Die Politik hat den Epochenwandel vollkommen verschlafen, und damit die Möglichkeit, eigene Rahmenbedingungen – eigentlich das Grundprinzip staatlicher Ordnung – durchzusetzen. Das Steuergebaren der großen Tech-Konzerne, die ihre Gewinne kaum in Europa versteuern, dieses legale Katz-und-Maus-Spiel zeigt auf, wie schwer sich global agierende Unternehmen selbst von einem Staatenverbund wie der EU fassen lassen. ›Eine gewisse Tendenz der Plattformunternehmen, sich vom Nationalstaat zu emanzipieren, beziehungsweise sich zulasten des Nationalstaates zu entwickeln‹, nennt das Ayad Al-Ani, Professor am Institut für Internet und Gesellschaft an der Humboldt-Universität in Berlin. Die Unternehmen können es – auch, weil Europa den großen amerikanischen Plattformen wenig eigene Alternativen entgegenzustellen vermag. 2015 hat die deutsche Telekom zwar den Aufbau einer europäischen Cloud begonnen. Mit einem angepeilten Umsatz von zwei Milliarden für 2018 aber tut sie Amazon Web Services nicht besonders weh. ›Die Europäer sind zehn Jahre zu spät dran, die Abstimmung mit den Füßen, die Abstimmung der Kunden, haben längst die Amerikaner gewonnen‹, sagt Universitätsprofessor Forgó.

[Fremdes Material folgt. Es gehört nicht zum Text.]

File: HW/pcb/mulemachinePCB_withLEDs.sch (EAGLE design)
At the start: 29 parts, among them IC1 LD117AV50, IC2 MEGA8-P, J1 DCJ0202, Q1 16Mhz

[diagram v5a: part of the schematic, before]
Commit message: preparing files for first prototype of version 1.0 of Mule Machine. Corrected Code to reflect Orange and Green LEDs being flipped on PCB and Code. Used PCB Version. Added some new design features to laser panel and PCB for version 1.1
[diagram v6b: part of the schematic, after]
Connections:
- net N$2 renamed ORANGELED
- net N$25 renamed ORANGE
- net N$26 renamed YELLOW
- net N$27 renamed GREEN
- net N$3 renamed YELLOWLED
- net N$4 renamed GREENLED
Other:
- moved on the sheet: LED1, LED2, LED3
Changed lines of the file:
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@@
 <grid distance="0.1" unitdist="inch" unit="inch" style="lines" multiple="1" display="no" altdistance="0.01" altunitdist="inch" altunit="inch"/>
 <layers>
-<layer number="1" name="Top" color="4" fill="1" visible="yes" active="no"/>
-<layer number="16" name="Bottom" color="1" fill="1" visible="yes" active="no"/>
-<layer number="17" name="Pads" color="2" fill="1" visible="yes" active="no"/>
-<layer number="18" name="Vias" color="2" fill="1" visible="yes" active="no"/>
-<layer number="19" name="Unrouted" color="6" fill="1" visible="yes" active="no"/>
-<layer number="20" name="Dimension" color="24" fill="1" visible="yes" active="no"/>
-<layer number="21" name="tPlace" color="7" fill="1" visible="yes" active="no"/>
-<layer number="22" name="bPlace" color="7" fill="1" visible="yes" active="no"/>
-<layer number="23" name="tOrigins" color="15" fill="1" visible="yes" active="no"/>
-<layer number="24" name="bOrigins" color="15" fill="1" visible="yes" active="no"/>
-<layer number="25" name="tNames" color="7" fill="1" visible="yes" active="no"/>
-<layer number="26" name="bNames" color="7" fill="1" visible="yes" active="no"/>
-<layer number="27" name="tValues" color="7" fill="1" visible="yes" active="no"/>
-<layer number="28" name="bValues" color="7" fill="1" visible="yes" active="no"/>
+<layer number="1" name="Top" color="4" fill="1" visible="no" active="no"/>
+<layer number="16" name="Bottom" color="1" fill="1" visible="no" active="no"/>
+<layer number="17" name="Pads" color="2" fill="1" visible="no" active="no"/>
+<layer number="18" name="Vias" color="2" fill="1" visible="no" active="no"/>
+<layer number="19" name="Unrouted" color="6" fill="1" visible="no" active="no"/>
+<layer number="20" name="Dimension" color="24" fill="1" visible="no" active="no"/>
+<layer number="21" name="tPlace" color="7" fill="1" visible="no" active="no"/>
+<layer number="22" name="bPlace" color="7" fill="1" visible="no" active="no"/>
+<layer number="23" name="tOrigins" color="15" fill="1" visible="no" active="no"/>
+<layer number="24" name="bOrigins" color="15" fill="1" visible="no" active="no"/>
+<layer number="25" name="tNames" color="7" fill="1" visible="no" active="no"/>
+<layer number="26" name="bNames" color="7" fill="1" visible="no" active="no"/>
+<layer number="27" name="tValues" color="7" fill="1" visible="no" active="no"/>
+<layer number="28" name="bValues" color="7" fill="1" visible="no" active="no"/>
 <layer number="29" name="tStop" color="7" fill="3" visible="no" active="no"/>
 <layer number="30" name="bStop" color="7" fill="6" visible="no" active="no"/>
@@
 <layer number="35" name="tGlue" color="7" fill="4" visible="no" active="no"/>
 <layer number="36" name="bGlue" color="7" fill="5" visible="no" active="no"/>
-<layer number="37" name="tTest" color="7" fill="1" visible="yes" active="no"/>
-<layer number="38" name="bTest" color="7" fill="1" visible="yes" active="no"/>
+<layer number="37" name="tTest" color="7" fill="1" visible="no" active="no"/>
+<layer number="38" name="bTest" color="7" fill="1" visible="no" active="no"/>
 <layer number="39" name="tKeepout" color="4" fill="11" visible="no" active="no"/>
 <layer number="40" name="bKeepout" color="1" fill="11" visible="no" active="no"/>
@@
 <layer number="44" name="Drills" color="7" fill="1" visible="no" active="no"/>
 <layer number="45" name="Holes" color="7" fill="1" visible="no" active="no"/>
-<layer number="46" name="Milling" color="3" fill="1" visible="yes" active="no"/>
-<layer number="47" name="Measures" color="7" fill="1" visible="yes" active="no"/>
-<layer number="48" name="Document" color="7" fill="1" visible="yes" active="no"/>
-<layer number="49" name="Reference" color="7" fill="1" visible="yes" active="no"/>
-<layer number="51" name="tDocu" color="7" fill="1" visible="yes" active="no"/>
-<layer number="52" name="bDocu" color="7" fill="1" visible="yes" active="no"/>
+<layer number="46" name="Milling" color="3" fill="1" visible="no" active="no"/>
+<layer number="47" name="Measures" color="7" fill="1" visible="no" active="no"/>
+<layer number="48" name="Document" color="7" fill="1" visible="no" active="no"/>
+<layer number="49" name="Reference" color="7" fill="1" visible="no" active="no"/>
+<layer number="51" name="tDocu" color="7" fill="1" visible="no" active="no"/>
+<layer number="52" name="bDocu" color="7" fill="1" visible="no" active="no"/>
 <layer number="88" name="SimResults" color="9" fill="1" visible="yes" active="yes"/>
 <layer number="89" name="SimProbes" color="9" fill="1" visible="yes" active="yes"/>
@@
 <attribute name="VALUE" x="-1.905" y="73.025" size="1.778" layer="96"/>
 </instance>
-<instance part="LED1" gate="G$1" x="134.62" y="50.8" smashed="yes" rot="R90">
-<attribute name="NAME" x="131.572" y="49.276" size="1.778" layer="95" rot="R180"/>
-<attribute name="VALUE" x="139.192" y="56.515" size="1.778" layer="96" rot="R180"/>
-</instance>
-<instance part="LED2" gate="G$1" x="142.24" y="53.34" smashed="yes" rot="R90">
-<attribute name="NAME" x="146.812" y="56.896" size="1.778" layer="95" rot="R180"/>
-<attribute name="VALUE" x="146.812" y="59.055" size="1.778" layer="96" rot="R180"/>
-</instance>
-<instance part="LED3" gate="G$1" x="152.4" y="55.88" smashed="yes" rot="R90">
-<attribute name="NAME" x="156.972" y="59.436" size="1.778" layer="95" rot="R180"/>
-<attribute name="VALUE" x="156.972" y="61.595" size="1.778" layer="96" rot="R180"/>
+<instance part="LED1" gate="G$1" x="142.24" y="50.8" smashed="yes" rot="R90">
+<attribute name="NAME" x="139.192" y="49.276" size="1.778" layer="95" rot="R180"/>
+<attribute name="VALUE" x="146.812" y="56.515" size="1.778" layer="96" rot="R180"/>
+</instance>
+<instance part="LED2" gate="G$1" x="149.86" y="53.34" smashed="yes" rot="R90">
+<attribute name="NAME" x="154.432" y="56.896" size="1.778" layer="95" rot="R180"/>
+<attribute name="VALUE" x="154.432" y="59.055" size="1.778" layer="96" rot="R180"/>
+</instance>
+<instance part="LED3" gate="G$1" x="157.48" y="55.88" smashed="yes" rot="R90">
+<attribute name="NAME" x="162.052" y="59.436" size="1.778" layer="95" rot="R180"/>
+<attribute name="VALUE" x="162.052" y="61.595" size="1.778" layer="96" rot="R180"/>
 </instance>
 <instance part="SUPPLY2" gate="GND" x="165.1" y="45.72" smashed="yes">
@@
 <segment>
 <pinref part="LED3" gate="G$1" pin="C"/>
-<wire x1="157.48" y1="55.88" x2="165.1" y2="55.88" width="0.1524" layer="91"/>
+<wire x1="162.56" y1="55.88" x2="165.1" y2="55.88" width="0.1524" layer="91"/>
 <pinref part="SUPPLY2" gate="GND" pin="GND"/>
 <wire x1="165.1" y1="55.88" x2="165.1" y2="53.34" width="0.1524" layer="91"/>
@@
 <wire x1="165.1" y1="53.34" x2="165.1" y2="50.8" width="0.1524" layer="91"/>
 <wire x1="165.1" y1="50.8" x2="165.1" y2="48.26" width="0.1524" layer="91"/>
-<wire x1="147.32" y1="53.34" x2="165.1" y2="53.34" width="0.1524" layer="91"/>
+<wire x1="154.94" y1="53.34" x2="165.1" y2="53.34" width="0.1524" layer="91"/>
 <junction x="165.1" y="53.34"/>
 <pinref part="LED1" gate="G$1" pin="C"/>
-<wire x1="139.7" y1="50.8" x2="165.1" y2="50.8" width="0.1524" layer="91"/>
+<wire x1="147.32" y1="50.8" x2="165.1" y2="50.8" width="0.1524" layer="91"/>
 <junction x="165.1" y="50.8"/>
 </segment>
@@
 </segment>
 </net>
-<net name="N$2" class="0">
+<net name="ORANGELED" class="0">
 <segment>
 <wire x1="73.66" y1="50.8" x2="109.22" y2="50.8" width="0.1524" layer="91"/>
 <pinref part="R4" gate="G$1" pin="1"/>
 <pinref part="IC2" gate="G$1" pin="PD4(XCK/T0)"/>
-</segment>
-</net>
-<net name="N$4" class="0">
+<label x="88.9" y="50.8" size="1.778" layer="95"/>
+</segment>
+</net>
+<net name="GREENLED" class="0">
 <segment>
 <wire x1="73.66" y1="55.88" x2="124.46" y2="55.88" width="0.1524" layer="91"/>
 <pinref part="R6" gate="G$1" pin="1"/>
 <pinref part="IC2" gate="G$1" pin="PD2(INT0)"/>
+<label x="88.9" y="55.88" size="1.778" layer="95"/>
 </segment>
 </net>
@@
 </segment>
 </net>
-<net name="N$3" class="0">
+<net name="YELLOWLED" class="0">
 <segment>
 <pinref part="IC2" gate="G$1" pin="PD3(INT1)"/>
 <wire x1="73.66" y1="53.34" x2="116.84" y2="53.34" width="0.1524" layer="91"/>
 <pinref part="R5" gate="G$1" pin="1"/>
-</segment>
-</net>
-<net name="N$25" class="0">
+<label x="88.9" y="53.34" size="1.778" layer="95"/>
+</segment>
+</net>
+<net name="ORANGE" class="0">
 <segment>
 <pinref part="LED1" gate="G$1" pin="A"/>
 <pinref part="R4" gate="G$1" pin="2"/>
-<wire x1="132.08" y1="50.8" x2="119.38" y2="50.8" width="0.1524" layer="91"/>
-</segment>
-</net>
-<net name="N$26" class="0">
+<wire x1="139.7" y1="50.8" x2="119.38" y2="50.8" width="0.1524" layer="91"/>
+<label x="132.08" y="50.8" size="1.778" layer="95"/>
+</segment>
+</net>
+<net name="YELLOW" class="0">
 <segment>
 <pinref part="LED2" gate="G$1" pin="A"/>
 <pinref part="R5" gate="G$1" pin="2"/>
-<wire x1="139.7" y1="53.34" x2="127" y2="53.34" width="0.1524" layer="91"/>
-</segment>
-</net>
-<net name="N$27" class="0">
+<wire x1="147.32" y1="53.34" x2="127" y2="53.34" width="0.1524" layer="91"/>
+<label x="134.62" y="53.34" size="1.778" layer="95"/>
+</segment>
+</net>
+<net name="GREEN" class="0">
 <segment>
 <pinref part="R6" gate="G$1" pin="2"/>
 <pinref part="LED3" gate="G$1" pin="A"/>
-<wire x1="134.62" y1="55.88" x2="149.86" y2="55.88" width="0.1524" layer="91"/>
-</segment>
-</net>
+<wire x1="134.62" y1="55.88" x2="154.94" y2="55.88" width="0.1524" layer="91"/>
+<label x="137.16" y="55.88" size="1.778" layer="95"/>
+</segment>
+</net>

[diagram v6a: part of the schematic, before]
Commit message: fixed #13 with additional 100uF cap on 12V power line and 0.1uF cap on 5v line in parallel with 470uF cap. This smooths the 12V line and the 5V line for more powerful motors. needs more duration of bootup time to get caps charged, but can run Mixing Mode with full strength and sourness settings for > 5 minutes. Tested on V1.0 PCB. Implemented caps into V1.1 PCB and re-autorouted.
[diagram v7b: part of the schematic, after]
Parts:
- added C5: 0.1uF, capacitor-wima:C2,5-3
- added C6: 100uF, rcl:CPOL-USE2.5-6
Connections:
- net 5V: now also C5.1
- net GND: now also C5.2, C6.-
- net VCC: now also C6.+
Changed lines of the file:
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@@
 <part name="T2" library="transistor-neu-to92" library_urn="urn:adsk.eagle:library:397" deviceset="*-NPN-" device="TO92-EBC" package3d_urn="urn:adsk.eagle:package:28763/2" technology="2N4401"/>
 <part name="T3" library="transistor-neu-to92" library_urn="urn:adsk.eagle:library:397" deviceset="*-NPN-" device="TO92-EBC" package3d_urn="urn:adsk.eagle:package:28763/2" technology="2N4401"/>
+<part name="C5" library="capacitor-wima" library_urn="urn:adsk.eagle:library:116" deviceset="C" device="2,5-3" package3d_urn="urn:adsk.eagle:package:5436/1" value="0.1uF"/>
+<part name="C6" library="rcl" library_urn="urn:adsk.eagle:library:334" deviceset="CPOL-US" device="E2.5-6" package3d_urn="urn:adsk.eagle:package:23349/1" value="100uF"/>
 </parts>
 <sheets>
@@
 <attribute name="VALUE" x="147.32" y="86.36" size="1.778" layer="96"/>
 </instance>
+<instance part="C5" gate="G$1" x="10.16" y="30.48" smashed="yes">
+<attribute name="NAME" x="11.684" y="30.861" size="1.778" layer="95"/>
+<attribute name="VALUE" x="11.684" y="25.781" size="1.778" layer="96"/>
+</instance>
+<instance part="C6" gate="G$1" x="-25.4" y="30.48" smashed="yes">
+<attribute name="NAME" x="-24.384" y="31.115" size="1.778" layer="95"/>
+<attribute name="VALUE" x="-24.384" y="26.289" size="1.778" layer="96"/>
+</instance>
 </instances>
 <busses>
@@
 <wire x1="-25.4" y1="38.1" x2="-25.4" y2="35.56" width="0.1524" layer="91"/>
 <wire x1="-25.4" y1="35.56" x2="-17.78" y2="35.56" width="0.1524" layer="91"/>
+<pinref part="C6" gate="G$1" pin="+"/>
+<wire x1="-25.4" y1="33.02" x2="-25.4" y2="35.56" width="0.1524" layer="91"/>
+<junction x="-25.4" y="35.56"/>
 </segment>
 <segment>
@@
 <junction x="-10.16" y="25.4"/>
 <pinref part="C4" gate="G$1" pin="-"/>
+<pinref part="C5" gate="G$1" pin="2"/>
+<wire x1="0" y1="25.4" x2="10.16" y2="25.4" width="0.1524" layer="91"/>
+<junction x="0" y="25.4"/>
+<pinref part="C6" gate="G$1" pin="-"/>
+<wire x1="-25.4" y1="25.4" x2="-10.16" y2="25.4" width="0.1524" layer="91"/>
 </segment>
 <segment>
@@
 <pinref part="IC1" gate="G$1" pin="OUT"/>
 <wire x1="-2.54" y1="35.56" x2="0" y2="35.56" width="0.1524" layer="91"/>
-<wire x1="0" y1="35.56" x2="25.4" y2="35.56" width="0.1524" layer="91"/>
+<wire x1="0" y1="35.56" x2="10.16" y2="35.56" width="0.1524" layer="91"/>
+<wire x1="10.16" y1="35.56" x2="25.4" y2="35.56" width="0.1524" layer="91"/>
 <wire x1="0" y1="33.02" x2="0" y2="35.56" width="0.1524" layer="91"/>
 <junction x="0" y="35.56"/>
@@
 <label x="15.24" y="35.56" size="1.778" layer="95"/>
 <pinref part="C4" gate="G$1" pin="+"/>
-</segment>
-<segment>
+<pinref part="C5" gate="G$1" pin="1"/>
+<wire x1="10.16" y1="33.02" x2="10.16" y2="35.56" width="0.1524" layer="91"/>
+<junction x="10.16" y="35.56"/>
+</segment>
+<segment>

Die Digitalisierung konfiguriert die Welt neu. Wir haben längst damit begonnen, anders miteinander zu sprechen, zu wirtschaften, anders Mensch zu sein, als es noch unsere Elterngeneration war. Die dramatischen Umbrüche in der Kommunikation und in der Industrie, all die Smartphones, die selbstfahrenden Autos, die denkenden Kühlschränke und Kraftwerke im Netz, sind nur Vorboten der Zukunft. Spricht man mit Experten, sagen sie einem, dass maschinelles Lernen, Künstliche Intelligenz und das Internet der Dinge erst in den Kinderschuhen stecken. Und Amazon-Web-Services-Chef Andy Jassy lässt keinen Zweifel daran, wen er als Motor der weiteren Ausbaustufen sieht, wer in Zukunft all die Datenströme verarbeiten soll. Der Leitgedanke seines Unternehmens bestehe darin, die technische Infrastruktur für alles bereit zu stellen, was Softwareentwickler und Unternehmen nur zu denken wagen, sagte er gegenüber Bloomberg. Man kann das größenwahnsinnig nennen. Oder eine realistische Einschätzung des eigenen Potenzi­­als.

Am Vormittag des 17. September 2010 klopfte ein Bote mit einem kleinen kartonfarbenen Paket in der Hand an meiner Wohnungstür. ›Der patagonische Hase‹, die Autobiographie des französischen Intellektuellen Claude Lanzmann, war endlich da. Darin beschreibt Lanzmann in einer Episode aus den 1950er-Jahren seine Reise von Tschechien nach Russland. Gemeinsam mit den anderen Passagieren besteigt er in Prag eine sowjetische Tupolew-Maschine, die Sauerstoffmasken nur für die Piloten im Cockpit, nicht aber im Kabinenraum für die Passagiere bereithält.

Ich erinnere mich an die Worte des russischen Präsidenten Wladimir Putin, wonach derjenige, der die Künstliche Intelligenz dominiere, künftig zum Herrscher der Welt aufsteige. Ich denke an Evgeny Mozorov, den Vordenker des digitalen Zeitalters, der es für ziemlich wahrscheinlich hält, ›dass Google, Facebook und Co. irgendwann die grundlegenden Infrastrukturen kontrollieren werden, auf denen unsere Welt basiert‹.

Was nur, wenn die Welt im Kabinenraum einer Tupolew-Maschine sitzt, die derzeit ruhig Kurs hält, doch in der man nur darauf hoffen kann, dass die Piloten den Flieger wieder hochziehen, wenn er an Höhe verliert?